FCC chairman Kevin Martin, FCC commissioner Jonathan Adelstein, former FCC commissioner Kathleen Abernathy, and former DOJ prosecutors have all said that such a merger “is not feasible,” according to Moffett.
Schaeffler believes that the DOJ would give its OK to a combined DirecTV-EchoStar now because the phone companies, finally, seem to be getting a real foothold in video.
“The telcos give the DOJ and the FCC an out,” said Schaeffler, who also doubts that Carey has a long-term future at DirecTV.
In a Dec. 18 report, UBS Warburg analyst Aryeh Bourkoff suggested that AT&T, which is enmeshed in its BellSouth merger, could jump-start its video rollout by buying into a DBS company, and that DirecTV would be the ideal partner.
But Moffett is skeptical about the prospect of Malone selling DirecTV to AT&T. He doubts AT&T would have any interest in purchasing a DBS company, pointing out that the telco already has a current partnership with EchoStar, where they have teamed up on Homezone, a video-high-speed data service.
In a report, Eagan also expressed doubt that Malone would sell to AT&T, noting that Liberty might have to wait two years to do such a transaction in order to avoid paying taxes.
Analysts such as Jeff Wlodarczak at Wachovia characterized Malone’s interest in DirecTV as “a passive investment position.”
In his report, he wrote, “By swapping for DirecTV, Malone gets a massive step up in tax basis and a control stake in an underlevered DirecTV.” The satellite company could add $15 billion in debt, according to the analyst.
Both Wlodarczak and Moffett predicted that Malone will “lever” DirecTV’s balance sheet to pay out a one-time special dividend.

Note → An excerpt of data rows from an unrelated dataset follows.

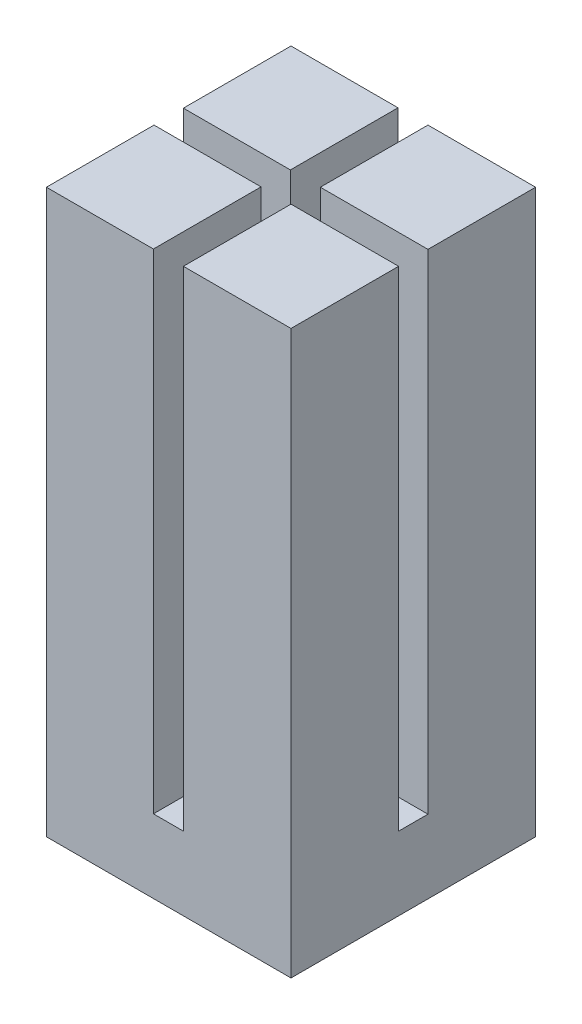
ISO-10303-21;
HEADER;
FILE_DESCRIPTION(('STEP AP214'),'2;1');
FILE_NAME('part.step','',(''),(''),'','','');
FILE_SCHEMA(('AUTOMOTIVE_DESIGN { 1 0 10303 214 1 1 1 1 }'));
ENDSEC;
DATA;
#1=APPLICATION_CONTEXT('core data for automotive mechanical design processes');
#2=APPLICATION_PROTOCOL_DEFINITION('international standard','automotive_design',2000,#1);
#3=PRODUCT_CONTEXT('',#1,'mechanical');
#4=PRODUCT('Part','Part','',(#3));
#5=PRODUCT_RELATED_PRODUCT_CATEGORY('part','',(#4));
#6=PRODUCT_DEFINITION_FORMATION('','',#4);
#7=PRODUCT_DEFINITION_CONTEXT('part definition',#1,'design');
#8=PRODUCT_DEFINITION('design','',#6,#7);
#9=PRODUCT_DEFINITION_SHAPE('','',#8);
#10=(LENGTH_UNIT() NAMED_UNIT(*) SI_UNIT(.MILLI.,.METRE.));
#11=(NAMED_UNIT(*) PLANE_ANGLE_UNIT() SI_UNIT($,.RADIAN.));
#12=(NAMED_UNIT(*) SI_UNIT($,.STERADIAN.) SOLID_ANGLE_UNIT());
#13=UNCERTAINTY_MEASURE_WITH_UNIT(LENGTH_MEASURE(1.E-05),#10,'distance_accuracy_value','');
#14=(GEOMETRIC_REPRESENTATION_CONTEXT(3) GLOBAL_UNCERTAINTY_ASSIGNED_CONTEXT((#13)) GLOBAL_UNIT_ASSIGNED_CONTEXT((#10,
#11,#12)) REPRESENTATION_CONTEXT('',''));
#15=CARTESIAN_POINT('',(0.,0.,0.));
#16=DIRECTION('',(0.,0.,1.));
#17=DIRECTION('',(1.,0.,0.));
#18=AXIS2_PLACEMENT_3D('',#15,#16,#17);
#19=CARTESIAN_POINT('',(-12.7,50.8,0.));
#20=DIRECTION('',(1.,0.,0.));
#21=DIRECTION('',(0.,0.,-1.));
#22=AXIS2_PLACEMENT_3D('',#19,#20,#21);
#23=PLANE('',#22);
#24=DIRECTION('',(0.,-1.,0.));
#25=VECTOR('',#24,1.);
#26=CARTESIAN_POINT('',(-12.7,50.8,-12.7));
#27=LINE('',#26,#25);
#28=CARTESIAN_POINT('',(-12.7,50.8,-12.7));
#29=VERTEX_POINT('',#28);
#30=CARTESIAN_POINT('',(-12.7,-7.62,-12.7));
#31=VERTEX_POINT('',#30);
#32=EDGE_CURVE('E320',#29,#31,#27,.T.);
#33=ORIENTED_EDGE('',*,*,#32,.T.);
#34=DIRECTION('',(0.,0.,1.));
#35=VECTOR('',#34,1.);
#36=CARTESIAN_POINT('',(-12.7,-7.62,-12.7));
#37=LINE('',#36,#35);
#38=CARTESIAN_POINT('',(-12.7,-7.62,12.7));
#39=VERTEX_POINT('',#38);
#40=EDGE_CURVE('E280',#31,#39,#37,.T.);
#41=ORIENTED_EDGE('',*,*,#40,.T.);
#42=DIRECTION('',(0.,1.,0.));
#43=VECTOR('',#42,1.);
#44=CARTESIAN_POINT('',(-12.7,-7.62,12.7));
#45=LINE('',#44,#43);
#46=CARTESIAN_POINT('',(-12.7,50.8,12.7));
#47=VERTEX_POINT('',#46);
#48=EDGE_CURVE('E284',#39,#47,#45,.T.);
#49=ORIENTED_EDGE('',*,*,#48,.T.);
#50=DIRECTION('',(0.,0.,1.));
#51=VECTOR('',#50,1.);
#52=CARTESIAN_POINT('',(-12.7,50.8,0.));
#53=LINE('',#52,#51);
#54=CARTESIAN_POINT('',(-12.7,50.8,1.524));
#55=VERTEX_POINT('',#54);
#56=EDGE_CURVE('E239',#55,#47,#53,.T.);
#57=ORIENTED_EDGE('',*,*,#56,.F.);
#58=DIRECTION('',(0.,-1.,0.));
#59=VECTOR('',#58,1.);
#60=CARTESIAN_POINT('',(-12.7,50.8,1.524));
#61=LINE('',#60,#59);
#62=CARTESIAN_POINT('',(-12.7,0.,1.524));
#63=VERTEX_POINT('',#62);
#64=EDGE_CURVE('E264',#55,#63,#61,.T.);
#65=ORIENTED_EDGE('',*,*,#64,.T.);
#66=DIRECTION('',(0.,0.,1.));
#67=VECTOR('',#66,1.);
#68=CARTESIAN_POINT('',(-12.7,0.,-12.7));
#69=LINE('',#68,#67);
#70=CARTESIAN_POINT('',(-12.7,0.,-1.52399999999999));
#71=VERTEX_POINT('',#70);
#72=EDGE_CURVE('E274',#71,#63,#69,.T.);
#73=ORIENTED_EDGE('',*,*,#72,.F.);
#74=DIRECTION('',(0.,-1.,0.));
#75=VECTOR('',#74,1.);
#76=CARTESIAN_POINT('',(-12.7,50.8,-1.52399999999999));
#77=LINE('',#76,#75);
#78=CARTESIAN_POINT('',(-12.7,50.8,-1.52399999999999));
#79=VERTEX_POINT('',#78);
#80=EDGE_CURVE('E11',#79,#71,#77,.T.);
#81=ORIENTED_EDGE('',*,*,#80,.F.);
#82=DIRECTION('',(0.,0.,1.));
#83=VECTOR('',#82,1.);
#84=CARTESIAN_POINT('',(-12.7,50.8,0.));
#85=LINE('',#84,#83);
#86=EDGE_CURVE('E304',#29,#79,#85,.T.);
#87=ORIENTED_EDGE('',*,*,#86,.F.);
#88=EDGE_LOOP('',(#33,#41,#49,#57,#65,#73,#81,#87));
#89=FACE_BOUND('',#88,.T.);
#90=ADVANCED_FACE('F47',(#89),#23,.F.);
#91=CARTESIAN_POINT('',(0.,50.8,-1.524));
#92=DIRECTION('',(0.,0.,-1.));
#93=DIRECTION('',(-1.,0.,0.));
#94=AXIS2_PLACEMENT_3D('',#91,#92,#93);
#95=PLANE('',#94);
#96=DIRECTION('',(1.,0.,0.));
#97=VECTOR('',#96,1.);
#98=CARTESIAN_POINT('',(0.,0.,-1.524));
#99=LINE('',#98,#97);
#100=CARTESIAN_POINT('',(-1.5875,0.,-1.52399999999999));
#101=VERTEX_POINT('',#100);
#102=EDGE_CURVE('E303',#71,#101,#99,.T.);
#103=ORIENTED_EDGE('',*,*,#102,.T.);
#104=DIRECTION('',(0.,-1.,0.));
#105=VECTOR('',#104,1.);
#106=CARTESIAN_POINT('',(-1.5875,50.8,-1.52399999999999));
#107=LINE('',#106,#105);
#108=CARTESIAN_POINT('',(-1.5875,50.8,-1.52399999999999));
#109=VERTEX_POINT('',#108);
#110=EDGE_CURVE('E55',#109,#101,#107,.T.);
#111=ORIENTED_EDGE('',*,*,#110,.F.);
#112=DIRECTION('',(1.,0.,0.));
#113=VECTOR('',#112,1.);
#114=CARTESIAN_POINT('',(0.,50.8,-1.524));
#115=LINE('',#114,#113);
#116=EDGE_CURVE('E308',#79,#109,#115,.T.);
#117=ORIENTED_EDGE('',*,*,#116,.F.);
#118=ORIENTED_EDGE('',*,*,#80,.T.);
#119=EDGE_LOOP('',(#103,#111,#117,#118));
#120=FACE_BOUND('',#119,.T.);
#121=ADVANCED_FACE('F339',(#120),#95,.F.);
#122=CARTESIAN_POINT('',(-1.5875,50.8,0.));
#123=DIRECTION('',(1.,0.,0.));
#124=DIRECTION('',(0.,0.,-1.));
#125=AXIS2_PLACEMENT_3D('',#122,#123,#124);
#126=PLANE('',#125);
#127=DIRECTION('',(0.,0.,1.));
#128=VECTOR('',#127,1.);
#129=CARTESIAN_POINT('',(-1.5875,0.,0.));
#130=LINE('',#129,#128);
#131=CARTESIAN_POINT('',(-1.5875,0.,-12.7));
#132=VERTEX_POINT('',#131);
#133=EDGE_CURVE('E309',#132,#101,#130,.T.);
#134=ORIENTED_EDGE('',*,*,#133,.F.);
#135=DIRECTION('',(0.,-1.,0.));
#136=VECTOR('',#135,1.);
#137=CARTESIAN_POINT('',(-1.5875,50.8,-12.7));
#138=LINE('',#137,#136);
#139=CARTESIAN_POINT('',(-1.5875,50.8,-12.7));
#140=VERTEX_POINT('',#139);
#141=EDGE_CURVE('E328',#140,#132,#138,.T.);
#142=ORIENTED_EDGE('',*,*,#141,.F.);
#143=DIRECTION('',(0.,0.,1.));
#144=VECTOR('',#143,1.);
#145=CARTESIAN_POINT('',(-1.5875,50.8,0.));
#146=LINE('',#145,#144);
#147=EDGE_CURVE('E312',#140,#109,#146,.T.);
#148=ORIENTED_EDGE('',*,*,#147,.T.);
#149=ORIENTED_EDGE('',*,*,#110,.T.);
#150=EDGE_LOOP('',(#134,#142,#148,#149));
#151=FACE_BOUND('',#150,.T.);
#152=ADVANCED_FACE('F336',(#151),#126,.T.);
#153=CARTESIAN_POINT('',(0.,50.8,-12.7));
#154=DIRECTION('',(0.,0.,-1.));
#155=DIRECTION('',(-1.,0.,0.));
#156=AXIS2_PLACEMENT_3D('',#153,#154,#155);
#157=PLANE('',#156);
#158=ORIENTED_EDGE('',*,*,#141,.T.);
#159=DIRECTION('',(1.,0.,0.));
#160=VECTOR('',#159,1.);
#161=CARTESIAN_POINT('',(-12.7,0.,-12.7));
#162=LINE('',#161,#160);
#163=CARTESIAN_POINT('',(1.524,0.,-12.7));
#164=VERTEX_POINT('',#163);
#165=EDGE_CURVE('E268',#132,#164,#162,.T.);
#166=ORIENTED_EDGE('',*,*,#165,.T.);
#167=DIRECTION('',(0.,-1.,0.));
#168=VECTOR('',#167,1.);
#169=CARTESIAN_POINT('',(1.524,50.8,-12.7));
#170=LINE('',#169,#168);
#171=CARTESIAN_POINT('',(1.524,50.8,-12.7));
#172=VERTEX_POINT('',#171);
#173=EDGE_CURVE('E219',#172,#164,#170,.T.);
#174=ORIENTED_EDGE('',*,*,#173,.F.);
#175=DIRECTION('',(1.,0.,0.));
#176=VECTOR('',#175,1.);
#177=CARTESIAN_POINT('',(0.,50.8,-12.7));
#178=LINE('',#177,#176);
#179=CARTESIAN_POINT('',(12.7,50.8,-12.7));
#180=VERTEX_POINT('',#179);
#181=EDGE_CURVE('E215',#172,#180,#178,.T.);
#182=ORIENTED_EDGE('',*,*,#181,.T.);
#183=DIRECTION('',(0.,1.,0.));
#184=VECTOR('',#183,1.);
#185=CARTESIAN_POINT('',(12.7,-7.62,-12.7));
#186=LINE('',#185,#184);
#187=CARTESIAN_POINT('',(12.7,-7.62,-12.7));
#188=VERTEX_POINT('',#187);
#189=EDGE_CURVE('E300',#188,#180,#186,.T.);
#190=ORIENTED_EDGE('',*,*,#189,.F.);
#191=DIRECTION('',(1.,0.,0.));
#192=VECTOR('',#191,1.);
#193=CARTESIAN_POINT('',(-12.7,-7.62,-12.7));
#194=LINE('',#193,#192);
#195=EDGE_CURVE('E269',#31,#188,#194,.T.);
#196=ORIENTED_EDGE('',*,*,#195,.F.);
#197=ORIENTED_EDGE('',*,*,#32,.F.);
#198=DIRECTION('',(1.,0.,0.));
#199=VECTOR('',#198,1.);
#200=CARTESIAN_POINT('',(0.,50.8,-12.7));
#201=LINE('',#200,#199);
#202=EDGE_CURVE('E316',#29,#140,#201,.T.);
#203=ORIENTED_EDGE('',*,*,#202,.T.);
#204=EDGE_LOOP('',(#158,#166,#174,#182,#190,#196,#197,#203));
#205=FACE_BOUND('',#204,.T.);
#206=ADVANCED_FACE('F377',(#205),#157,.T.);
#207=CARTESIAN_POINT('',(0.,50.8,0.));
#208=DIRECTION('',(0.,1.,0.));
#209=DIRECTION('',(0.,0.,1.));
#210=AXIS2_PLACEMENT_3D('',#207,#208,#209);
#211=PLANE('',#210);
#212=ORIENTED_EDGE('',*,*,#86,.T.);
#213=ORIENTED_EDGE('',*,*,#116,.T.);
#214=ORIENTED_EDGE('',*,*,#147,.F.);
#215=ORIENTED_EDGE('',*,*,#202,.F.);
#216=EDGE_LOOP('',(#212,#213,#214,#215));
#217=FACE_BOUND('',#216,.T.);
#218=ADVANCED_FACE('F382',(#217),#211,.T.);
#219=CARTESIAN_POINT('',(0.,0.,0.));
#220=DIRECTION('',(0.,-1.,0.));
#221=DIRECTION('',(0.,0.,-1.));
#222=AXIS2_PLACEMENT_3D('',#219,#220,#221);
#223=PLANE('',#222);
#224=DIRECTION('',(1.,0.,0.));
#225=VECTOR('',#224,1.);
#226=CARTESIAN_POINT('',(-12.7,0.,12.7));
#227=LINE('',#226,#225);
#228=CARTESIAN_POINT('',(-1.5875,0.,12.7));
#229=VERTEX_POINT('',#228);
#230=CARTESIAN_POINT('',(1.524,0.,12.7));
#231=VERTEX_POINT('',#230);
#232=EDGE_CURVE('E291',#229,#231,#227,.T.);
#233=ORIENTED_EDGE('',*,*,#232,.T.);
#234=DIRECTION('',(0.,0.,-1.));
#235=VECTOR('',#234,1.);
#236=CARTESIAN_POINT('',(1.524,0.,0.));
#237=LINE('',#236,#235);
#238=CARTESIAN_POINT('',(1.524,0.,1.524));
#239=VERTEX_POINT('',#238);
#240=EDGE_CURVE('E62',#231,#239,#237,.T.);
#241=ORIENTED_EDGE('',*,*,#240,.T.);
#242=DIRECTION('',(1.,0.,0.));
#243=VECTOR('',#242,1.);
#244=CARTESIAN_POINT('',(0.,0.,1.524));
#245=LINE('',#244,#243);
#246=CARTESIAN_POINT('',(12.7,0.,1.524));
#247=VERTEX_POINT('',#246);
#248=EDGE_CURVE('E67',#239,#247,#245,.T.);
#249=ORIENTED_EDGE('',*,*,#248,.T.);
#250=DIRECTION('',(0.,0.,1.));
#251=VECTOR('',#250,1.);
#252=CARTESIAN_POINT('',(12.7,0.,-12.7));
#253=LINE('',#252,#251);
#254=CARTESIAN_POINT('',(12.7,0.,-1.524));
#255=VERTEX_POINT('',#254);
#256=EDGE_CURVE('E288',#255,#247,#253,.T.);
#257=ORIENTED_EDGE('',*,*,#256,.F.);
#258=DIRECTION('',(1.,0.,0.));
#259=VECTOR('',#258,1.);
#260=CARTESIAN_POINT('',(0.,0.,-1.524));
#261=LINE('',#260,#259);
#262=CARTESIAN_POINT('',(1.524,0.,-1.524));
#263=VERTEX_POINT('',#262);
#264=EDGE_CURVE('E208',#263,#255,#261,.T.);
#265=ORIENTED_EDGE('',*,*,#264,.F.);
#266=DIRECTION('',(0.,0.,-1.));
#267=VECTOR('',#266,1.);
#268=CARTESIAN_POINT('',(1.524,0.,0.));
#269=LINE('',#268,#267);
#270=EDGE_CURVE('E168',#263,#164,#269,.T.);
#271=ORIENTED_EDGE('',*,*,#270,.T.);
#272=ORIENTED_EDGE('',*,*,#165,.F.);
#273=ORIENTED_EDGE('',*,*,#133,.T.);
#274=ORIENTED_EDGE('',*,*,#102,.F.);
#275=ORIENTED_EDGE('',*,*,#72,.T.);
#276=DIRECTION('',(1.,0.,0.));
#277=VECTOR('',#276,1.);
#278=CARTESIAN_POINT('',(0.,0.,1.524));
#279=LINE('',#278,#277);
#280=CARTESIAN_POINT('',(-1.5875,0.,1.524));
#281=VERTEX_POINT('',#280);
#282=EDGE_CURVE('E234',#63,#281,#279,.T.);
#283=ORIENTED_EDGE('',*,*,#282,.T.);
#284=DIRECTION('',(0.,0.,1.));
#285=VECTOR('',#284,1.);
#286=CARTESIAN_POINT('',(-1.5875,0.,0.));
#287=LINE('',#286,#285);
#288=EDGE_CURVE('E240',#281,#229,#287,.T.);
#289=ORIENTED_EDGE('',*,*,#288,.T.);
#290=EDGE_LOOP('',(#233,#241,#249,#257,#265,#271,#272,#273,#274,#275,#283,#289));
#291=FACE_BOUND('',#290,.T.);
#292=ADVANCED_FACE('F342',(#291),#223,.F.);
#293=CARTESIAN_POINT('',(12.7,-7.62,-12.7));
#294=DIRECTION('',(-1.,0.,0.));
#295=DIRECTION('',(0.,0.,1.));
#296=AXIS2_PLACEMENT_3D('',#293,#294,#295);
#297=PLANE('',#296);
#298=ORIENTED_EDGE('',*,*,#189,.T.);
#299=DIRECTION('',(0.,0.,1.));
#300=VECTOR('',#299,1.);
#301=CARTESIAN_POINT('',(12.7,50.8,0.));
#302=LINE('',#301,#300);
#303=CARTESIAN_POINT('',(12.7,50.8,-1.524));
#304=VERTEX_POINT('',#303);
#305=EDGE_CURVE('E211',#180,#304,#302,.T.);
#306=ORIENTED_EDGE('',*,*,#305,.T.);
#307=DIRECTION('',(0.,-1.,0.));
#308=VECTOR('',#307,1.);
#309=CARTESIAN_POINT('',(12.7,50.8,-1.524));
#310=LINE('',#309,#308);
#311=EDGE_CURVE('E227',#304,#255,#310,.T.);
#312=ORIENTED_EDGE('',*,*,#311,.T.);
#313=ORIENTED_EDGE('',*,*,#256,.T.);
#314=DIRECTION('',(0.,-1.,0.));
#315=VECTOR('',#314,1.);
#316=CARTESIAN_POINT('',(12.7,50.8,1.524));
#317=LINE('',#316,#315);
#318=CARTESIAN_POINT('',(12.7,50.8,1.524));
#319=VERTEX_POINT('',#318);
#320=EDGE_CURVE('E169',#319,#247,#317,.T.);
#321=ORIENTED_EDGE('',*,*,#320,.F.);
#322=DIRECTION('',(0.,0.,1.));
#323=VECTOR('',#322,1.);
#324=CARTESIAN_POINT('',(12.7,50.8,0.));
#325=LINE('',#324,#323);
#326=CARTESIAN_POINT('',(12.7,50.8,12.7));
#327=VERTEX_POINT('',#326);
#328=EDGE_CURVE('E181',#319,#327,#325,.T.);
#329=ORIENTED_EDGE('',*,*,#328,.T.);
#330=DIRECTION('',(0.,1.,0.));
#331=VECTOR('',#330,1.);
#332=CARTESIAN_POINT('',(12.7,-7.62,12.7));
#333=LINE('',#332,#331);
#334=CARTESIAN_POINT('',(12.7,-7.62,12.7));
#335=VERTEX_POINT('',#334);
#336=EDGE_CURVE('E176',#335,#327,#333,.T.);
#337=ORIENTED_EDGE('',*,*,#336,.F.);
#338=DIRECTION('',(0.,0.,1.));
#339=VECTOR('',#338,1.);
#340=CARTESIAN_POINT('',(12.7,-7.62,-12.7));
#341=LINE('',#340,#339);
#342=EDGE_CURVE('E273',#188,#335,#341,.T.);
#343=ORIENTED_EDGE('',*,*,#342,.F.);
#344=EDGE_LOOP('',(#298,#306,#312,#313,#321,#329,#337,#343));
#345=FACE_BOUND('',#344,.T.);
#346=ADVANCED_FACE('F387',(#345),#297,.F.);
#347=CARTESIAN_POINT('',(-12.7,-7.62,12.7));
#348=DIRECTION('',(0.,0.,1.));
#349=DIRECTION('',(1.,0.,0.));
#350=AXIS2_PLACEMENT_3D('',#347,#348,#349);
#351=PLANE('',#350);
#352=ORIENTED_EDGE('',*,*,#232,.F.);
#353=DIRECTION('',(0.,-1.,0.));
#354=VECTOR('',#353,1.);
#355=CARTESIAN_POINT('',(-1.5875,50.8,12.7));
#356=LINE('',#355,#354);
#357=CARTESIAN_POINT('',(-1.5875,50.8,12.7));
#358=VERTEX_POINT('',#357);
#359=EDGE_CURVE('E260',#358,#229,#356,.T.);
#360=ORIENTED_EDGE('',*,*,#359,.F.);
#361=DIRECTION('',(1.,0.,0.));
#362=VECTOR('',#361,1.);
#363=CARTESIAN_POINT('',(0.,50.8,12.7));
#364=LINE('',#363,#362);
#365=EDGE_CURVE('E244',#47,#358,#364,.T.);
#366=ORIENTED_EDGE('',*,*,#365,.F.);
#367=ORIENTED_EDGE('',*,*,#48,.F.);
#368=DIRECTION('',(1.,0.,0.));
#369=VECTOR('',#368,1.);
#370=CARTESIAN_POINT('',(-12.7,-7.62,12.7));
#371=LINE('',#370,#369);
#372=EDGE_CURVE('E277',#39,#335,#371,.T.);
#373=ORIENTED_EDGE('',*,*,#372,.T.);
#374=ORIENTED_EDGE('',*,*,#336,.T.);
#375=DIRECTION('',(1.,0.,0.));
#376=VECTOR('',#375,1.);
#377=CARTESIAN_POINT('',(0.,50.8,12.7));
#378=LINE('',#377,#376);
#379=CARTESIAN_POINT('',(1.524,50.8,12.7));
#380=VERTEX_POINT('',#379);
#381=EDGE_CURVE('E172',#380,#327,#378,.T.);
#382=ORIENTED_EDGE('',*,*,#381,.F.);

Liberty, obviously, would be a major beneficiary by virtue of its large DirecTV stake.
But Bruce Leichtman, president of Leichtman Research Group, said that Malone understands and will take full advantage of his new valuable asset, even without a merger with EchoStar.
“You’ve got an operator with over 15 million subs, and that’s one heck of a way to start,” Leichtman said. “You’re in a milk-it stage, and there’s nobody better at milking it than Malone.”